Всецело захваченный азартом этой невеселой статистики и вконец заблудившись в центре кладбища, Мартин набрел на ряд крестов с очень хорошо знакомой ему фамилией, среди которых одна могилка особенно привлекла его внимание. Это была простая могила, огороженная кованой оградкой. По бокам от резного креста стояли две плетеные корзины с чуть повядшими цветами и еловыми ветками.

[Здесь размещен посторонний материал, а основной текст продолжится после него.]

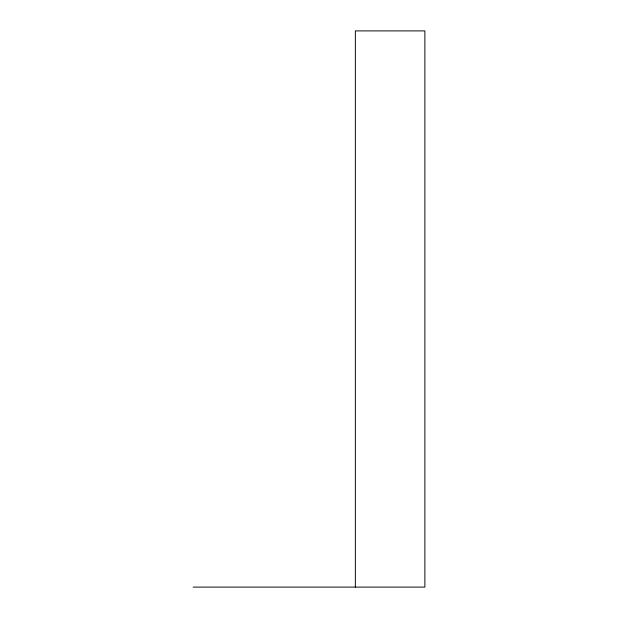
<?xml version="1.0" encoding="UTF-8"?>
<svg xmlns="http://www.w3.org/2000/svg" width="618" height="618" viewBox="0 0 618 618"><rect width="100%" height="100%" fill="white"/><g stroke="black" fill="none" stroke-linecap="round" stroke-linejoin="round"><path stroke-width="0.93" d="M193.125 587.1L424.875 587.1L424.875 30.9L355.35 30.9L355.35 587.1"/></g></svg>

В «домике на ножке» стояла кружка вина, подле которой лежал ломоть почерствевшего ржаного хлеба, несколько кусочков сахара и пара баранок.

«Артур Патрик Карди»

(1875–1899 г.)

Гласила табличка на широком кресте.

– Ну здравствуй, приятель… – произнес Мартин, – Вот мы и встретились… Что ж, сердечно рад, сердечно рад…

Он кротко кивнул, по-кошачьи сощурил синие глаза, лукаво заулыбался и прошествовал дальше, не побрезговав хлебнуть из кружки и прихватить с собой угощение из «домика на ножке».